2023 Reading Challenge: Left is Not Woke
This is an advanced galley of a book that is coming out in March. It’s a slim little volume, but it packs a powerful punch. Here’s the full blurb I wrote for it:
“Susan Neiman’s provocative book is an impassioned and accessible defense against the corrosive particularisms that have eroded solidarity and cooperation on the left. To face the many challenges of the 21st century, she argues that we must reclaim those strategic universalisms that historically helped to forge diverse coalitions of activists in shared struggles for social progress. To build a more just, equitable, and sustainable world, we need to acknowledge the victories of our past, recognize the contingent malleability of our present, and embrace a radical politics of hope for our future.”
2023 Reading Challenge: Red Star
I wasn’t sure if I was going to include books that I am reading for my class this semester or books that I am rereading, but I so much enjoyed revisiting Bogdanov’s Red Star that I am going to count it toward my reading goals anyway. This amazing novella was written in 1908 and offers a fascinating perspective on what socialism might have looked like in the 20th century had Bolsheviks like Bogdanov prevailed. I particularly love the discussion of Martian love and marriage included in this text since Bogdanov and Alexandra Kollontai were comrades and friends.
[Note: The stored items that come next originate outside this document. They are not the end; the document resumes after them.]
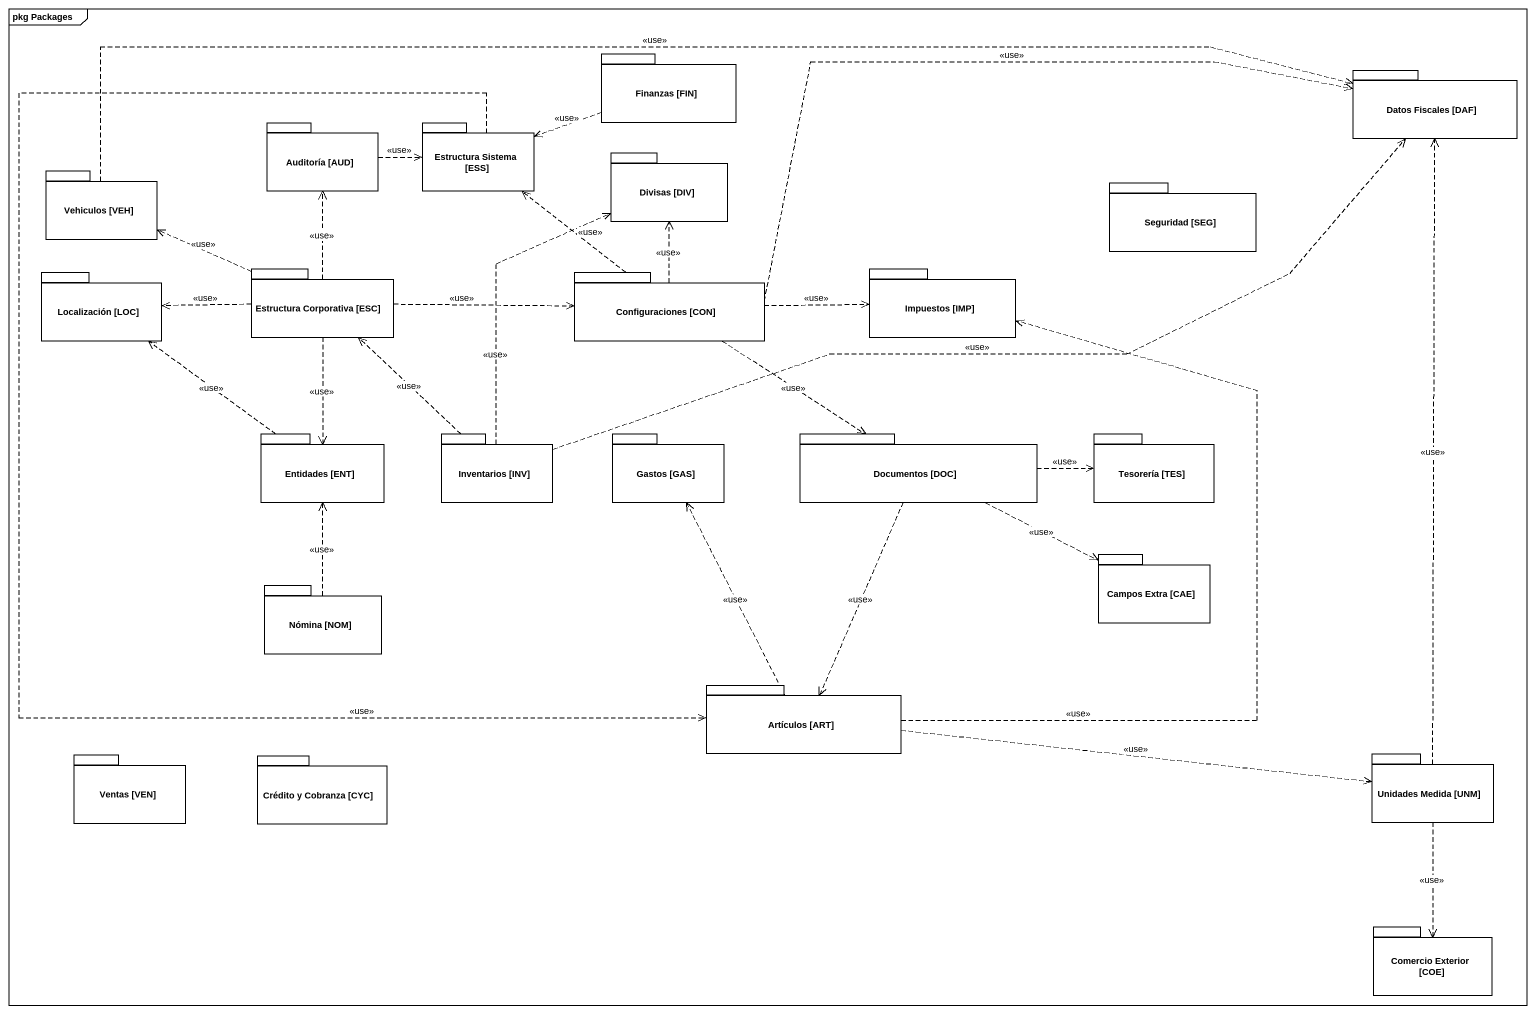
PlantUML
@startuml
mainframe pkg Packages
package "Finanzas [FIN]" as Finanzas_FIN {
}
package "Datos Fiscales [DAF]" as Datos_Fiscales_DAF {
}
package "Auditoría [AUD]" as Auditoría_AUD {
}
package "Estructura Sistema [ESS]" as Estructura_Sistema_ESS {
}
package "Vehiculos [VEH]" as Vehiculos_VEH {
}
package "Divisas [DIV]" as Divisas_DIV {
}
package "Seguridad [SEG]" as Seguridad_SEG {
}
package "Localización [LOC]" as Localización_LOC {
}
package "Estructura Corporativa [ESC]" as Estructura_Corporativa_ESC {
}
package "Configuraciones [CON]" as Configuraciones_CON {
}
package "Impuestos [IMP]" as Impuestos_IMP {
}
package "Entidades [ENT]" as Entidades_ENT {
}
package "Inventarios [INV]" as Inventarios_INV {
}
package "Gastos [GAS]" as Gastos_GAS {
}
package "Documentos [DOC]" as Documentos_DOC {
}
package "Tesorería [TES]" as Tesorería_TES {
}
package "Campos Extra [CAE]" as Campos_Extra_CAE {
}
package "Nómina [NOM]" as Nómina_NOM {
}
package "Artículos [ART]" as Artículos_ART {
}
package "Ventas [VEN]" as Ventas_VEN {
}
package "Unidades Medida [UNM]" as Unidades_Medida_UNM {
}
package "Crédito y Cobranza [CYC]" as Crédito_y_Cobranza_CYC {
}
package "Comercio Exterior [COE]" as Comercio_Exterior_COE {
}
Finanzas_FIN .left.> Estructura_Sistema_ESS : <<use>>
Auditoría_AUD .right.> Estructura_Sistema_ESS : <<use>>
Estructura_Sistema_ESS ..> Artículos_ART : <<use>>
Vehiculos_VEH .right.> Datos_Fiscales_DAF : <<use>>
Estructura_Corporativa_ESC .up.> Auditoría_AUD : <<use>>
Estructura_Corporativa_ESC .left.> Vehiculos_VEH : <<use>>
Estructura_Corporativa_ESC .left.> Localización_LOC : <<use>>
Estructura_Corporativa_ESC .right.> Configuraciones_CON : <<use>>
Estructura_Corporativa_ESC ..> Entidades_ENT : <<use>>
Configuraciones_CON .right.> Datos_Fiscales_DAF : <<use>>
Configuraciones_CON .up.> Estructura_Sistema_ESS : <<use>>
Configuraciones_CON .up.> Divisas_DIV : <<use>>
Configuraciones_CON .right.> Impuestos_IMP : <<use>>
Configuraciones_CON ..> Documentos_DOC : <<use>>
Entidades_ENT .up.> Localización_LOC : <<use>>
Inventarios_INV .right.> Datos_Fiscales_DAF : <<use>>
Inventarios_INV .up.> Divisas_DIV : <<use>>
Inventarios_INV .up.> Estructura_Corporativa_ESC : <<use>>
Documentos_DOC .right.> Tesorería_TES : <<use>>
Documentos_DOC .right.> Campos_Extra_CAE : <<use>>
Documentos_DOC ..> Artículos_ART : <<use>>
Nómina_NOM .up.> Entidades_ENT : <<use>>
Artículos_ART .up.> Impuestos_IMP : <<use>>
Artículos_ART .up.> Gastos_GAS : <<use>>
Artículos_ART .right.> Unidades_Medida_UNM : <<use>>
Unidades_Medida_UNM .up.> Datos_Fiscales_DAF : <<use>>
Unidades_Medida_UNM ..> Comercio_Exterior_COE : <<use>>
@enduml
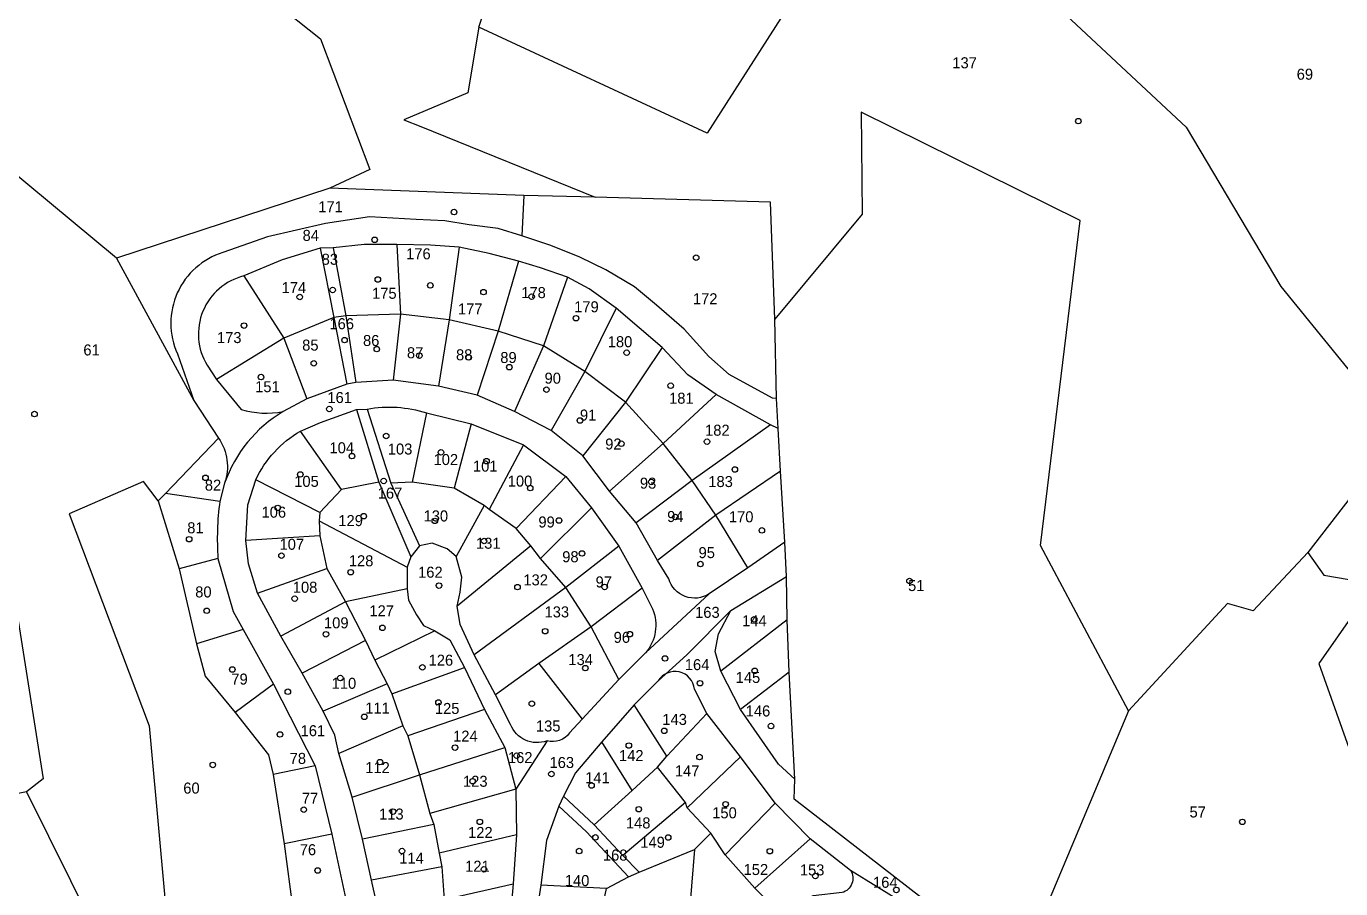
# Model space of a CAD drawing. Extents: x 176571 to 180224, y 250857 to 253450.
# Drawn here: x 176862 to 177339.7, y 252733.3 to 253046.5 of the extents above; entities that cross this region are included whole.
import ezdxf
from ezdxf.enums import TextEntityAlignment as Align

# ---------------------------------------------------------------- set-up
doc = ezdxf.new("R2010")
doc.units = 0
for name, color, linetype in [('1602', 240, 'Continuous'), ('1603', 240, 'Continuous'), ('A_POINTS', 252, 'Continuous')]:
    doc.layers.add(name, color=color, linetype=linetype)
doc.styles.add('HEBTXT', font='hebtxt.shx')

# ---------------------------------------------------------------- blocks, each defined once
blk = doc.blocks.new('1603')
at = {"layer": 'A_POINTS'}
blk.add_circle((0, 0), 0.25, dxfattribs=at)
at = {"style": 'HEBTXT'}
blk.add_attdef('PARCEL_NUM', text='', height=2, dxfattribs=at).set_placement((0, 1), align=Align.CENTER)
at = {"style": 'HEBTXT', "flags": 1}
blk.add_attdef('LOT_NUM', text='', height=2, dxfattribs=at).set_placement((0, -2.5), align=Align.CENTER)

msp = doc.modelspace()

# ---------------------------------------------------------------- linework, layer by layer
at = {"layer": '1602'}
for points in [[(177193.61, 253083.21), (177184.05, 253079.32), (177136.13, 253049.4), (177109.39, 253007.69), (177026.4, 253046.13), (177032.99, 253065.71), (177033.79, 253068.21), (177034.33, 253071.68), (177027.39, 253075.9), (177036.19, 253089.98), (177040.13, 253102.85), (177043.77, 253115.04)], [(176939.89, 253087.55), (176934.72, 253069.21), (176968.94, 253041.89), (176986.85, 252994.43), (176972.27, 252987.68)], [(177230.89, 253058.95), (177283.48, 253009.83), (177317.86, 252951.98), (177361.33, 252898.76)], [(177026.4, 253046.13), (177022.4, 253022.36), (176999.21, 253012.48), (177005.31, 253010.1), (177068.71, 252984.44)], [(177141.23, 252773.02), (177139.17, 252811.9), (177138.53, 252830.93), (177138.19, 252846.7), (177137.63, 252859.1), (177136.08, 252884.89), (177135.28, 252900.43), (177134.64, 252911.31), (177133.98, 252940.1), (177132.46, 252982.58), (177068.71, 252984.44), (177042.8, 252985.06), (176972.27, 252987.68), (176894.73, 252962.27), (176838.03, 253009.3), (176821.47, 253024.74), (176832.96, 252953.41), (176813.02, 252907.3), (176857.16, 252842.18), (176868.09, 252773.14), (176861.99, 252768.44), (176833.41, 252762.96)], [(177262.51, 252797.9), (177230.5, 252857.94), (177245, 252975.91), (177165.39, 253015.27), (177165.72, 252978.22), (177133.98, 252940.1)], [(177042.8, 252985.06), (177042.12, 252970.38)], [(176968.78, 252965.92), (176973.69, 252940.74), (176978.46, 252916.46)], [(176973.44, 252966), (176978.06, 252941.28), (176981.69, 252917.07)], [(176996.6, 252967.21), (176997.99, 252941.94), (176995.33, 252918.02)], [(177019.23, 252966.29), (177015.71, 252939.87), (177011.77, 252915.85)], [(176894.73, 252962.27), (176922.82, 252910.63), (176931.84, 252896.91), (176912.59, 252876.83), (176909.87, 252874.2), (176904.57, 252881.18), (176877.56, 252869.39), (176906.6, 252792.39), (176914.31, 252708.78)], [(177040.91, 252961.22), (177033.49, 252935.77), (177025.77, 252912.57)], [(176941.05, 252955.83), (176955.62, 252933.2), (176963.92, 252911.23)], [(177058.7, 252955.33), (177049.92, 252930.48), (177039.42, 252906.57)], [(177124.17, 252849.79), (177112.57, 252868.91), (177104, 252881.52), (177093.44, 252894.97), (177079.79, 252909.96), (177064.94, 252921.07), (177049.92, 252930.48), (177033.49, 252935.77), (177015.71, 252939.87), (176997.99, 252941.94), (176978.06, 252941.28), (176973.69, 252940.74), (176955.62, 252933.2), (176931.08, 252918.25)], [(177076.35, 252944.09), (177064.94, 252921.07), (177052.68, 252899.64)], [(177093.1, 252929.86), (177079.79, 252909.96), (177064.28, 252890.46)], [(177112.68, 252912.82), (177093.44, 252894.97), (177073.98, 252877.64)], [(176981.96, 252907.3), (176990.04, 252880.89), (177001.72, 252853.86)], [(176985.8, 252907.49), (176994.42, 252880.6), (177004.84, 252857.86)], [(177007.45, 252906.06), (177002.22, 252880.91)], [(176976.55, 252878.28), (176961.64, 252899.47)], [(177023.64, 252902.06), (177017.45, 252878.76)], [(177132.43, 252901.7), (177104, 252881.52), (177083.58, 252866.17)], [(177361.33, 252898.76), (177327.66, 252855.41), (177333.58, 252847.12), (177351.93, 252844.06), (177331.67, 252815.12), (177352.86, 252755.48), (177346.07, 252706.67), (177347.53, 252687.52), (177347.53, 252687.52)], [(177042.66, 252894.43), (177030.15, 252870.98)], [(177136.08, 252884.89), (177112.57, 252868.91), (177091.38, 252852.47)], [(176968.63, 252869.88), (176945.35, 252881.74)], [(176990.04, 252880.89), (176976.55, 252878.28), (176968.63, 252869.88), (176968.44, 252866.89), (176968.67, 252861.46), (176971.17, 252849.63), (176977.98, 252837.45), (176985.25, 252823.4), (176988.63, 252816.29), (176993.06, 252807.72), (176994.86, 252804.03), (176998.78, 252792.49), (177000.66, 252788.86), (177004.92, 252774.68), (177008.62, 252760.61), (177010.03, 252756.63), (177011.98, 252746.18), (177013, 252741.27), (177013.84, 252729.36), (177015.12, 252725.32), (177018.21, 252711.74), (177019.19, 252708.17), (177020.53, 252693.1), (177021.17, 252679.74)], [(177077.36, 252809.29), (177067.23, 252828.44), (177058.06, 252842.62), (177048.79, 252853.24), (177045.31, 252857.8), (177039.98, 252864.08), (177030.15, 252870.98), (177028.33, 252872.44), (177017.45, 252878.76), (177002.22, 252880.91), (176994.42, 252880.6)], [(177058.07, 252882.96), (177039.98, 252864.08)], [(176909.87, 252874.2), (176917.48, 252849.48), (176923.79, 252822.23), (176927, 252810.42), (176937.89, 252797.27), (176950.05, 252781.94), (176951.7, 252774.76), (176955.72, 252749.64), (176959, 252724.95), (176962.3, 252712.69)], [(176932.29, 252873.93), (176912.59, 252876.83)], [(177028.33, 252872.44), (177018.17, 252853.92)], [(177067.42, 252871.64), (177048.79, 252853.24)], [(176968.44, 252866.89), (177000.33, 252850)], [(176968.67, 252861.46), (176941.78, 252859.73)], [(177045.31, 252857.8), (177018.62, 252835.92)], [(177077.31, 252857.67), (177058.06, 252842.62), (177024.7, 252818.25)], [(177327.66, 252855.41), (177307.9, 252834.22), (177298.57, 252836.81), (177262.51, 252797.9), (177227.97, 252715.67), (177224.25, 252710.31)], [(176931.62, 252853.2), (176917.48, 252849.48)], [(176945.99, 252840.59), (176971.17, 252849.63)], [(177328.03, 252640.45), (177316.81, 252646.41), (177304.65, 252655.62), (177291.02, 252663.79), (177275.42, 252675.14), (177254.99, 252688.59), (177224.25, 252710.31), (177219.03, 252705.37), (177141.08, 252765.76), (177141.23, 252773.02), (177135.39, 252778.56), (177121.48, 252798.41), (177114.39, 252812.26), (177112.3, 252819.47), (177113.53, 252825.83), (177117.96, 252834.33), (177138.19, 252846.7)], [(177000.34, 252842.16), (176977.98, 252837.45), (176954.5, 252824.98)], [(177085.78, 252842.45), (177067.23, 252828.44), (177048.21, 252815.04), (177032.45, 252803.71)], [(177117.96, 252834.33), (177102.02, 252818.18), (177091.61, 252808.73), (177082.83, 252800.07), (177071.15, 252786.69), (177061.57, 252775.41), (177057.16, 252766.86), (177055.45, 252763.32), (177051.03, 252750.8), (177048.91, 252734.56), (177047.43, 252724.27), (177049.04, 252703.39)], [(177138.53, 252830.93), (177114.39, 252812.26)], [(176940.76, 252827.48), (176923.79, 252822.23)], [(177010.47, 252826.96), (176988.63, 252816.29)], [(176985.25, 252823.4), (176962.19, 252811.6)], [(176994.86, 252804.03), (177021.22, 252813.57)], [(177048.21, 252815.04), (177064.01, 252794.81)], [(177139.17, 252811.9), (177121.48, 252798.41)], [(176951.81, 252807.63), (176937.89, 252797.27)], [(176993.06, 252807.72), (176969.92, 252797.71)], [(177028.55, 252798.43), (177000.66, 252788.86)], [(177094.78, 252781.37), (177082.83, 252800.07)], [(177068.4, 252756.47), (177082.2, 252769.01), (177091.34, 252777.46), (177094.78, 252781.37), (177109.27, 252796.86)], [(176998.78, 252792.49), (176975.52, 252782.42)], [(176980.38, 252766.55), (177004.92, 252774.68), (177035.9, 252784.62)], [(177082.2, 252769.01), (177071.15, 252786.69)], [(177121.48, 252781.2), (177102.14, 252762.72)], [(176966.95, 252777.96), (176951.7, 252774.76)], [(177134.71, 252725.59), (177126.8, 252733.44), (177115.9, 252745.56), (177110.79, 252753.42), (177102.14, 252762.72), (177101.56, 252764.61), (177091.34, 252777.46)], [(177039.91, 252769.44), (177008.62, 252760.61)], [(176861.99, 252768.44), (176894, 252704.13)], [(177084.65, 252739.28), (177078.73, 252745.34), (177068.4, 252756.47), (177057.16, 252766.86)], [(177101.56, 252764.61), (177078.73, 252745.34)], [(177134.11, 252764.31), (177115.9, 252745.56)], [(177080.85, 252737.55), (177065.51, 252753.99), (177055.45, 252763.32)], [(177010.03, 252756.63), (176984.13, 252751.27)], [(176973.02, 252753.08), (176955.72, 252749.64)], [(177040.13, 252752.86), (177011.98, 252746.18)], [(177110.79, 252753.42), (177104.87, 252747.57)], [(177146.87, 252751.42), (177126.8, 252733.44)], [(177067.51, 252708.23), (177072.87, 252733.37), (177080.85, 252737.55), (177084.65, 252739.28), (177104.87, 252747.57), (177102.61, 252720.89)], [(177013, 252741.27), (176987.45, 252736.39)], [(177013.84, 252729.36), (177038.87, 252735.04)], [(177072.87, 252733.37), (177048.91, 252734.56)]]:
    msp.add_lwpolyline(points, dxfattribs=at)
for points in [[(177134.64, 252911.31), (177133.11, 252911.41), (177117.47, 252920.02), (177109.97, 252926.51), (177101.04, 252936.47), (177090.95, 252945.23), (177082.96, 252951.88), (177072.64, 252958.04), (177063.12, 252962.62), (177052.61, 252966.89), (177042.12, 252970.38), (177033.43, 252973.06), (177022.87, 252974.4), (177014.04, 252975.81), (177003.62, 252976.37), (176986.71, 252977.23), (176970.69, 252974.91), (176949.6, 252970.06), (176933.43, 252964.3, 0.451517), (176916.88, 252927.53), (176922.82, 252910.63)], [(177135.28, 252900.43), (177132.43, 252901.7), (177112.68, 252912.82), (177102.35, 252919.88), (177093.1, 252929.86), (177076.35, 252944.09), (177066.53, 252951.18), (177058.7, 252955.33), (177048.84, 252958.72), (177040.91, 252961.22), (177030.18, 252963.91), (177019.23, 252966.29), (177008.89, 252967.03), (176996.6, 252967.21), (176984.74, 252967.29), (176973.44, 252966), (176968.78, 252965.92), (176954.94, 252961.67), (176941.05, 252955.83, 0.506934), (176927.71, 252923.38), (176931.08, 252918.25), (176940.01, 252907.27, 0.114927), (176955.33, 252906.57, 0.030142)], [(177110.19, 252840.39, -0.50606), (177095.49, 252845.88), (177091.38, 252852.47), (177083.58, 252866.17), (177073.98, 252877.64), (177064.28, 252890.46), (177052.68, 252899.64), (177039.42, 252906.57), (177025.77, 252912.57), (177011.77, 252915.85), (176995.33, 252918.02), (176981.69, 252917.07), (176978.46, 252916.46), (176963.92, 252911.23), (176955.33, 252906.57, 0.176028), (176934.05, 252880.57), (176932.29, 252873.93, 0.049621), (176931.62, 252853.2), (176937.15, 252833.9), (176940.76, 252827.48), (176951.81, 252807.63), (176966.95, 252777.96), (176973.02, 252753.08), (176978.09, 252729.42)], [(176990.83, 252721.32), (176987.45, 252736.39), (176984.13, 252751.27), (176980.38, 252766.55), (176975.52, 252782.42), (176974.09, 252789.02), (176969.92, 252797.71), (176962.19, 252811.6), (176954.5, 252824.98), (176945.99, 252840.59), (176942.71, 252851.25), (176941.78, 252859.73), (176942.48, 252872.75), (176945.35, 252881.74, -0.154719), (176961.64, 252899.47), (176968.85, 252902.62), (176981.96, 252907.3), (176985.8, 252907.49, -0.123151), (177007.45, 252906.06), (177023.64, 252902.06), (177042.66, 252894.43), (177058.07, 252882.96), (177067.42, 252871.64), (177077.31, 252857.67), (177085.78, 252842.45), (177089.57, 252834.93, -0.284263), (177087.03, 252818.97, 0.029805)], [(176931.84, 252896.91, -0.240065), (176934.05, 252880.57, 1.31492)], [(177051.22, 252786.99, -0.409722), (177037.95, 252792.96), (177032.45, 252803.71), (177024.7, 252818.25), (177019.6, 252829.29), (177018.62, 252835.92), (177019.64, 252840.95), (177020.24, 252846.46), (177018.17, 252853.92), (177014.9, 252856.69), (177009.49, 252858.83), (177004.84, 252857.86), (177001.72, 252853.86), (177000.33, 252850), (177000.34, 252842.16), (177000.91, 252838.04), (177003.76, 252832.69), (177006.38, 252828.89), (177010.47, 252826.96), (177015.93, 252823.67), (177021.22, 252813.57), (177028.55, 252798.43), (177035.9, 252784.62), (177039.91, 252769.44)], [(177137.63, 252859.1), (177124.17, 252849.79), (177110.19, 252840.39), (177087.03, 252818.97), (177077.36, 252809.29), (177064.01, 252794.81), (177059.43, 252789.89, -0.322436), (177051.22, 252786.99), (177039.91, 252769.44), (177040.13, 252752.86), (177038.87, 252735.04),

2023 Reading Challenge: Four Thousand Weeks: Times Management for Mortals
Absolutely loved this book, and basically read it cover to cover in less than a day. Lots of food for thought and great advice on the value of not being productive and the “right to be lazy.” I have a complex relationship to time and am what the author calls a “productivity geek,” but since becoming the chair of my department, I have come to realize that there will always be more tasks than I can ever actually accomplish. What’s worse, the more efficient I get at doing tasks, the more people give me new tasks to complete. Burkeman advises “strategic underachievement.” I have lots of great quotes underlined, but I am not going to type them up because Burkeman has convinced me to take the rest of the evening off.
2023 reading challenge
I’m not usually a big fan of new year’s resolutions, but this year I have one that I am really going to stick to. I’ve decided that I need my brain to focus on one thing for long periods of time, and so I am committing to reading 25 fiction and 25 non-fiction books in 2023. That’s about a book a week and I am very excited to delve into the ever growing pile on my nightstand. This week I finished Celeste Ng’s Our Missing Hearts, a dystopian vision of a possible near-future USA. This book was chosen for one of the two book clubs I’ve joined to help keep me on track with my reading.